Pipa ( Chinese  琵琶 , pinyin pípá ) is a plucked bowl neck loud of classical Chinese music .

Design and style of play

The pipa has a pear-shaped body that is flatter than the western lute . Usually it is made of mahogany , red sandalwood , narrabree or other precious woods; however, cheaper materials are also used. After changing developments, the pipa now usually has four steel strings that are AEDA tuned and run over 24 to 30 frets .

The pipa is played in two different techniques, the Chinese names of which together give the name of the instrument: With the "pí" (琵) the index finger of the right hand is pushed from right to left over the strings, with the "pá" (琶) the thumb in the opposite direction. You play with your own or artificial fingernails, less often with a pick .

origin

Chinese lutes have been known for about 2000 years. Over time, the shape and style of play have undergone numerous changes:

  • In the Qin and Han times , the body of the lute was still circular. As early as the Tang Dynasty , however, continued under the influence of out in the 4th century Persia import barbat - sounds that still in use today and for the instrument to be characteristic pear shape respected by.
  • The pipa used to have five strings, but over time there have been four.
  • Originally the instrument only had 5 or 6 frets, later the number increased to 14, 16, 17, 24, 29 and in the 20th century even to 30. Pipas with 14 or 16 frets arrange these roughly in accordance with the western scale / semitone scale : Seen from the saddle , the order is: THHHTHHHTT-3 / 4-3 / 4-TT-3 / 4-3 / 4, (some frets produce a ¾ or “neutral” tone). In the 1920s and 1930s, the number of frets was increased to 24 in accordance with the Western tone system, resulting in semitone spacings comparable to a modern guitar. After that, the number of frets has increased to up to 30 in some cases. The traditional 16-fret pipa is increasingly being forgotten and only survives in some regional musical traditions such as the Nanguan / Nanyin style that is widespread in the south .
  • In the past, the strings were plucked with a pick , later the fingernails prevailed. Since steel strings became common in addition to traditional silk strings in the 20th century, players have increasingly used more stable artificial fingernails.
  • In ancient times the pipa was played in a horizontal position, today a vertical or almost vertical orientation is common.
Pipa player, Tang Dynasty

Their heyday saw the pipa -music during the Tang period , as the instrument great popularity in the court music enjoyed.

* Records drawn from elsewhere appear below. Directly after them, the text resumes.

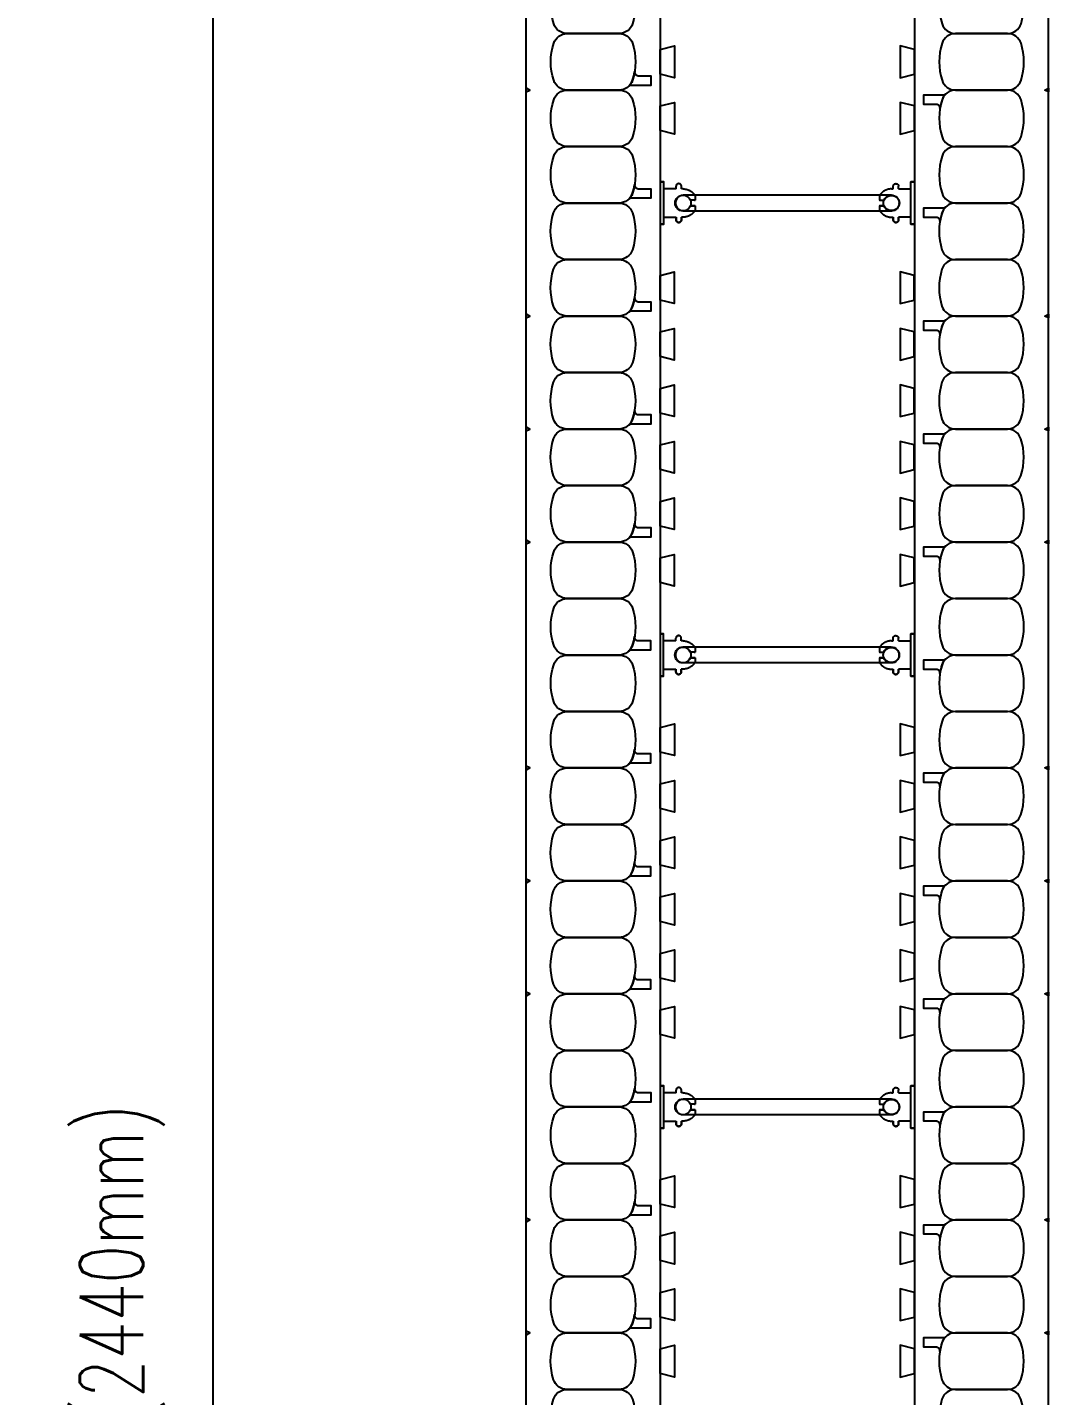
# Model space of a CAD drawing. Header units: inches. Extents: x 135 to 240, y 99 to 198.
# Drawn here: x 222.41 to 240.49, y 148.42 to 172.64 of the extents above; entities that cross this region are included whole.
import ezdxf

# ---------------------------------------------------------------- set-up
doc = ezdxf.new("R2010")
doc.units = ezdxf.units.IN
doc.header["$MEASUREMENT"] = 0
for name, color, linetype in [('line25', 2, 'Continuous'), ('LINE50', 5, 'Continuous'), ('LINE9', 9, 'Continuous'), ('TEXT', 4, 'Continuous')]:
    doc.layers.add(name, color=color, linetype=linetype)
doc.styles.add('DIM', font='romans.shx', dxfattribs={"width": 0.7})
doc.dimstyles.new('ext_12', dxfattribs={"dimscale": 12, "dimtxt": 0.09375, "dimasz": 0.09375, "dimexe": 0.09375, "dimexo": 0.0625, "dimgap": 0.0625, "dimtad": 1, "dimdec": 4, "dimzin": 2, "dimdsep": 46, "dimlunit": 4, "dimtxsty": 'DIM', "dimcen": 0.09, "dimdle": 0.09375, "dimclrt": 4, "dimadec": 0, "dimazin": 0, "dimtfac": 1, "dimtdec": 4, "dimtmove": 2, "dimatfit": 3, "dimfxl": 0, "dimfrac": 2, "dimtolj": 1, "dimtzin": 0, "dimarcsym": 0})

# ---------------------------------------------------------------- blocks, each defined once
blk = doc.blocks.new('*D9')
at = {"layer": 'Defpoints', "color": 0}
for p in [(231.24, 197.528), (225.698, 101.528), (231.24, 101.528)]:
    blk.add_point(p, dxfattribs=at)
at = {"layer": 'TEXT', "color": 0, "lineweight": -2}
for p, q in [((230.49, 197.528), (224.573, 197.528)), ((225.698, 196.403), (225.698, 102.653)), ((230.49, 101.528), (224.573, 101.528))]:
    blk.add_line(p, q, dxfattribs=at)
at = {"layer": 'TEXT', "color": 0}
for points in [[(225.511, 196.403), (225.886, 196.403), (225.698, 197.528)], [(225.511, 102.653), (225.886, 102.653), (225.698, 101.528)]]:
    blk.add_solid(points, dxfattribs=at)
at = {"layer": 'TEXT', "color": 4, "insert": (224.091, 149.528), "char_height": 1.125, "attachment_point": 5, "rotation": 90, "style": 'DIM'}
blk.add_mtext('\\A1;96" (2440mm)', dxfattribs=at)
blk = doc.blocks.new('Connector')
blk.add_point((0.271, 0))
at = {"layer": 'LINE9'}
for p, q in [((0, 0.375), (0, -0.375)), ((0.062, -0.375), (0.062, 0.375)), ((0.281, 0.25), (0.062, 0.25))]:
    blk.add_line(p, q, dxfattribs=at)
for points, weights in [([(0.007, 0.375), (0.004, 0.375), (0, 0.375)], [1, 0.972587069138, 0.950305488115]), ([(0.327, 0.343), (0.308, 0.343), (0.281, 0.317), (0.281, 0.297)], [1, 0.85355339, 0.85355339, 1]), ([(0.328, 0.343), (0.327, 0.343), (0.327, 0.343)], [1, 0.70710678, 1]), ([(0.375, 0.297), (0.375, 0.317), (0.348, 0.343), (0.329, 0.343)], [1, 0.85355339, 0.85355339, 1]), ([(0.406, 0.25), (0.546, 0.25), (0.619, 0.131)], [0.958404415409, 0.794674173519, 0.864651571113]), ([(0.619, 0.052), (0.612, 0.049), (0.604, 0.049)], [0.83615024178, 0.892081430621, 1]), ([(0.619, -0.131), (0.546, -0.25), (0.406, -0.25)], [0.864651574428, 0.794674169686, 0.958404415195]), ([(0.604, -0.049), (0.612, -0.049), (0.619, -0.052)], [1, 0.89208144177, 0.836150253337]), ([(0, -0.375), (0.004, -0.375), (0.007, -0.375)], [0.950305488115, 0.972587069138, 1]), ([(0.281, -0.297), (0.281, -0.317), (0.308, -0.343), (0.327, -0.343)], [1, 0.85355339, 0.85355339, 1]), ([(0.327, -0.343), (0.281, -0.343), (0.281, -0.297)], [1, 0.70710678, 1]), ([(0.329, -0.343), (0.348, -0.343), (0.375, -0.317), (0.375, -0.297)], [1, 0.85355339, 0.85355339, 1]), ([(0.375, -0.297), (0.375, -0.343), (0.329, -0.343)], [1, 0.70710678, 1])]:
    blk.add_rational_spline(points, weights, degree=2, dxfattribs=at)
for points, degree in [([(0, 0.375), (0.002, 0.375), (0.005, 0.375), (0.007, 0.375)], 3), ([(0.007, 0.375), (0.021, 0.375), (0.051, 0.375), (0.062, 0.375), (0.062, 0.375)], 3), ([(0.281, 0.25), (0.281, 0.297)], 1), ([(0.327, 0.343), (0.327, 0.343), (0.328, 0.343), (0.328, 0.343)], 3), ([(0.328, 0.343), (0.329, 0.343), (0.329, 0.343), (0.329, 0.343)], 3), ([(0.375, 0.25), (0.375, 0.297)], 1), ([(0.406, 0.25), (0.375, 0.25)], 1), ([(0.406, 0.25), (0.406, 0.25)], 1), ([(0.406, 0.25), (0.406, 0.25)], 1), ([(0.406, 0.25), (0.406, 0.25)], 1), ([(0.406, 0.25), (0.406, 0.25)], 1), ([(0.406, 0.25), (0.406, 0.25)], 1), ([(0.406, 0.25), (0.406, 0.25)], 1), ([(0.406, 0.25), (0.406, 0.25)], 1), ([(0.406, 0.25), (0.406, 0.25)], 1), ([(0.406, 0.25), (0.406, 0.25)], 1), ([(0.406, 0.25), (0.406, 0.25)], 1), ([(0.406, 0.25), (0.406, 0.25)], 1), ([(0.406, 0.25), (0.406, 0.25)], 1), ([(0.406, 0.25), (0.406, 0.25)], 1), ([(0.406, 0.25), (0.406, 0.25)], 1), ([(0.406, 0.25), (0.406, 0.25)], 1), ([(0.406, 0.25), (0.406, 0.25)], 1), ([(0.406, 0.25), (0.406, 0.25)], 1), ([(0.406, 0.25), (0.406, 0.25)], 1), ([(0.406, 0.25), (0.406, 0.25)], 1), ([(0.406, 0.25), (0.406, 0.25)], 1), ([(0.406, 0.25), (0.406, 0.25)], 1), ([(0.406, 0.25), (0.406, 0.25)], 1), ([(0.406, 0.25), (0.406, 0.25)], 1), ([(0.406, 0.25), (0.406, 0.25)], 1), ([(0.604, 0.049), (0.532, 0.049)], 1), ([(0.532, 0.049), (0.532, 0.049)], 1), ([(0.532, 0.049), (0.532, 0.049)], 1), ([(0.532, 0.049), (0.532, 0.049)], 1), ([(0.532, 0.049), (0.532, 0.049)], 1), ([(0.532, 0.049), (0.532, 0.049)], 1), ([(0.532, 0.049), (0.532, 0.049)], 1), ([(0.532, 0.049), (0.532, 0.049)], 1), ([(0.532, 0.049), (0.532, 0.049)], 1), ([(0.532, 0.049), (0.532, 0.049)], 1), ([(0.532, 0.049), (0.532, 0.049)], 1), ([(0.604, 0.049), (0.609, 0.049), (0.614, 0.05), (0.619, 0.052)], 3), ([(0.604, 0.049), (0.604, 0.049)], 1), ([(0.604, 0.049), (0.604, 0.049)], 1), ([(0.604, 0.049), (0.604, 0.049)], 1), ([(0.604, 0.049), (0.604, 0.049)], 1), ([(0.619, 0.131), (0.619, 0.052)], 1), ([(0.619, 0.131), (0.619, 0.131)], 1), ([(0.619, 0.131), (0.619, 0.131)], 1), ([(0.619, 0.131), (0.619, 0.131)], 1), ([(0.619, 0.131), (0.619, 0.131)], 1), ([(0.532, -0.049), (0.604, -0.049)], 1), ([(0.604, -0.049), (0.58, -0.049), (0.556, -0.049), (0.532, -0.049)], 3), ([(0.532, -0.049), (0.532, -0.049)], 1), ([(0.532, -0.049), (0.532, -0.049)], 1), ([(0.532, -0.049), (0.532, -0.049)], 1), ([(0.532, -0.049), (0.532, -0.049)], 1), ([(0.619, -0.052), (0.614, -0.05), (0.609, -0.049), (0.604, -0.049)], 3), ([(0.604, -0.049), (0.604, -0.049)], 1), ([(0.604, -0.049), (0.604, -0.049)], 1), ([(0.604, -0.049), (0.604, -0.049)], 1), ([(0.604, -0.049), (0.604, -0.049)], 1), ([(0.604, -0.049), (0.604, -0.049)], 1), ([(0.604, -0.049), (0.604, -0.049)], 1), ([(0.604, -0.049), (0.604, -0.049)], 1), ([(0.604, -0.049), (0.604, -0.049)], 1), ([(0.619, -0.052), (0.619, -0.131)], 1), ([(0.619, -0.131), (0.619, -0.131)], 1), ([(0.619, -0.131), (0.619, -0.131)], 1), ([(0.619, -0.131), (0.619, -0.131)], 1), ([(0.619, -0.131), (0.619, -0.131)], 1), ([(0.007, -0.375), (0.005, -0.375), (0.002, -0.375), (0, -0.375)], 3), ([(0.062, -0.375), (0.062, -0.375), (0.051, -0.375), (0.021, -0.375), (0.007, -0.375)], 3), ([(0.062, -0.25), (0.281, -0.25)], 1), ([(0.281, -0.297), (0.281, -0.25)], 1), ([(0.281, -0.25), (0.281, -0.297)], 1), ([(0.328, -0.343), (0.328, -0.343), (0.327, -0.343), (0.327, -0.343)], 3), ([(0.329, -0.343), (0.329, -0.343), (0.329, -0.343), (0.328, -0.343)], 3), ([(0.375, -0.25), (0.375, -0.297)], 1), ([(0.375, -0.297), (0.375, -0.25)], 1), ([(0.406, -0.25), (0.375, -0.25)], 1), ([(0.406, -0.25), (0.406, -0.25)], 1), ([(0.406, -0.25), (0.406, -0.25)], 1), ([(0.406, -0.25), (0.406, -0.25)], 1), ([(0.406, -0.25), (0.406, -0.25)], 1), ([(0.406, -0.25), (0.406, -0.25)], 1), ([(0.406, -0.25), (0.406, -0.25)], 1), ([(0.406, -0.25), (0.406, -0.25)], 1), ([(0.406, -0.25), (0.406, -0.25)], 1), ([(0.406, -0.25), (0.406, -0.25)], 1), ([(0.406, -0.25), (0.406, -0.25)], 1), ([(0.406, -0.25), (0.406, -0.25)], 1)]:
    blk.add_open_spline(points, degree=degree, dxfattribs=at)
for points, weights, knots in [([(0.062, 0.375), (0.062, 0.375), (0.046, 0.375), (0.03, 0.375), (0.007, 0.375)], [0.868718858569, 0.861102746415, 1, 0.861102734288, 0.868718859898], [0, 0, 0, 0.5, 0.5, 1, 1, 1]), ([(0.532, 0.049), (0.472, 0.203), (0.333, 0.113), (0.157, 0), (0.333, -0.113), (0.472, -0.203), (0.532, -0.049)], [0.899508922286, 0.599718215298, 1, 0.54226024, 1, 0.599718224335, 0.899508908749], [0, 0, 0, 0.318112, 0.318112, 0.681888, 0.681888, 1, 1, 1]), ([(0.007, -0.375), (0.03, -0.375), (0.046, -0.375), (0.062, -0.375), (0.062, -0.375)], [0.868718859319, 0.861102739573, 1, 0.861102742958, 0.868718858948], [0, 0, 0, 0.5, 0.5, 1, 1, 1])]:
    blk.add_rational_spline(points, weights, degree=2, knots=knots, dxfattribs=at)
blk = doc.blocks.new('WEB_4_CENTRE_TOP')
for p, q in [((3.688, 0.141), (0, 0.141)), ((3.688, -0.141), (0, -0.141))]:
    blk.add_line(p, q)
for centre in [(0, 0), (3.688, 0)]:
    blk.add_circle(centre, 0.141)

msp = doc.modelspace()

# ---------------------------------------------------------------- linework, layer by layer
at = {"layer": 'line25'}
for p, q in [((233.61515, 197.52819), (233.61515, 169.06015)), ((238.11515, 197.52819), (238.11515, 169.06015)), ((233.61515, 169.15319), (233.61515, 101.52819)), ((238.11515, 169.15319), (238.11515, 101.52819))]:
    msp.add_line(p, q, dxfattribs=at)
for points in [[(233.61515, 172.24703), (233.86515, 172.30936), (233.86515, 171.74703), (233.61515, 171.80936)], [(238.11515, 172.24703), (237.86515, 172.30936), (237.86515, 171.74703), (238.11515, 171.80936)], [(233.61515, 171.24703), (233.86515, 171.30936), (233.86515, 170.74703), (233.61515, 170.80936)], [(238.11515, 171.24703), (237.86515, 171.30936), (237.86515, 170.74703), (238.11515, 170.80936)], [(233.61263, 168.24703), (233.86263, 168.30936), (233.86263, 167.74703), (233.61263, 167.80936)], [(238.11263, 168.24703), (237.86263, 168.30936), (237.86263, 167.74703), (238.11263, 167.80936)], [(233.61263, 167.24703), (233.86263, 167.30936), (233.86263, 166.74703), (233.61263, 166.80936)], [(238.11263, 167.24703), (237.86263, 167.30936), (237.86263, 166.74703), (238.11263, 166.80936)], [(233.61263, 166.24703), (233.86263, 166.30936), (233.86263, 165.74703), (233.61263, 165.80936)], [(238.11263, 166.24703), (237.86263, 166.30936), (237.86263, 165.74703), (238.11263, 165.80936)], [(233.61263, 165.24703), (233.86263, 165.30936), (233.86263, 164.74703), (233.61263, 164.80936)], [(238.11263, 165.24703), (237.86263, 165.30936), (237.86263, 164.74703), (238.11263, 164.80936)], [(233.61263, 164.24703), (233.86263, 164.30936), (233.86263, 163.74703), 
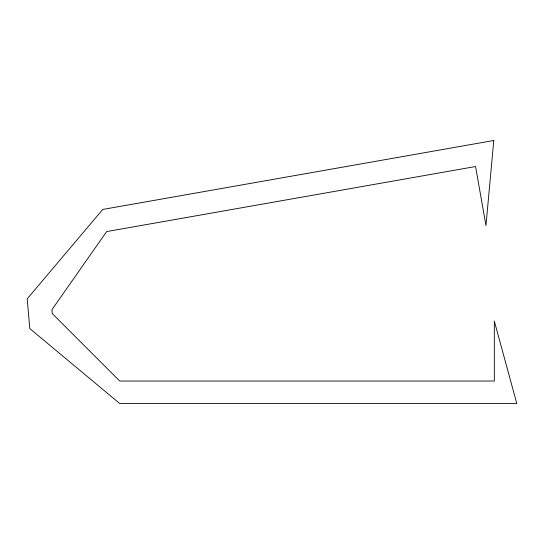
<?xml version="1.0" encoding="UTF-8"?>
<svg xmlns="http://www.w3.org/2000/svg" width="544" height="544" viewBox="0 0 544 544"><rect width="100%" height="100%" fill="white"/><g stroke="black" fill="none" stroke-linecap="round" stroke-linejoin="round"><path stroke-width="0.82" d="M493.789 140.495L485.962 225.556L475.558 166.532L106.638 231.581L51.938 309.699L52.278 313.602L119.707 381.031L494.326 381.031L494.326 321.089L516.8 403.505L119.707 403.505L29.804 328.583L27.2 298.846L102.734 209.447L493.789 140.495"/></g></svg>

It owed this rise not least to the then relatively high Persian population in the capital Chang'an . Many Persians worked at the imperial court as musicians or music teachers and helped the instrument, which was once imported from their homeland, to become extremely popular. During this time, numerous richly carved pipas with valuable inlays were created; Buddhist demigods playing on the pipa can be seen on the murals of the Mogao Grottoes near Dunhuang . On the back of three of the scrolls discovered around 1900 in one of the Mogao caves, some pieces of music are noted that come from the Tang period and were apparently still popular during the Five Dynasties in the 10th century. They probably contain a notation for the four-string pipa with four frets ( pipa pu ).

In the poems of the Tang period, the instrument is often extolled for its exquisite and refined sound. Bai Juyi's famous pipa song describes a chance encounter with a pipa player on the yangzi :

大 絃 嘈嘈 如 急雨: The thick strings pounded like rain showers,
小 絃 切切 如 私語: The thin strings sighed like whispers of love,
嘈嘈 切切 錯雜 彈: patter and chatter, chatter and patter,
大 珠 小 珠 落 玉盤: Like pearls, large and small, that fall on jade plates.

Some lute instruments in East and Southeast Asia originate from the pipa , such as the Japanese biwa , the Vietnamese đàn tỳ bà and the Korean bipa, which is no longer in use today . Other Chinese sounds are the yueqin with a round body and the sanxian with a long thin neck.

Ling Ling Yu plays a 30-fret pipa .

repertoire

The numerous pieces of the classical repertoire written for the pipa can be roughly divided into four styles: Wen (文; civil), Wu (武; warlike), Da (大; suite) and Xiao (小; solo).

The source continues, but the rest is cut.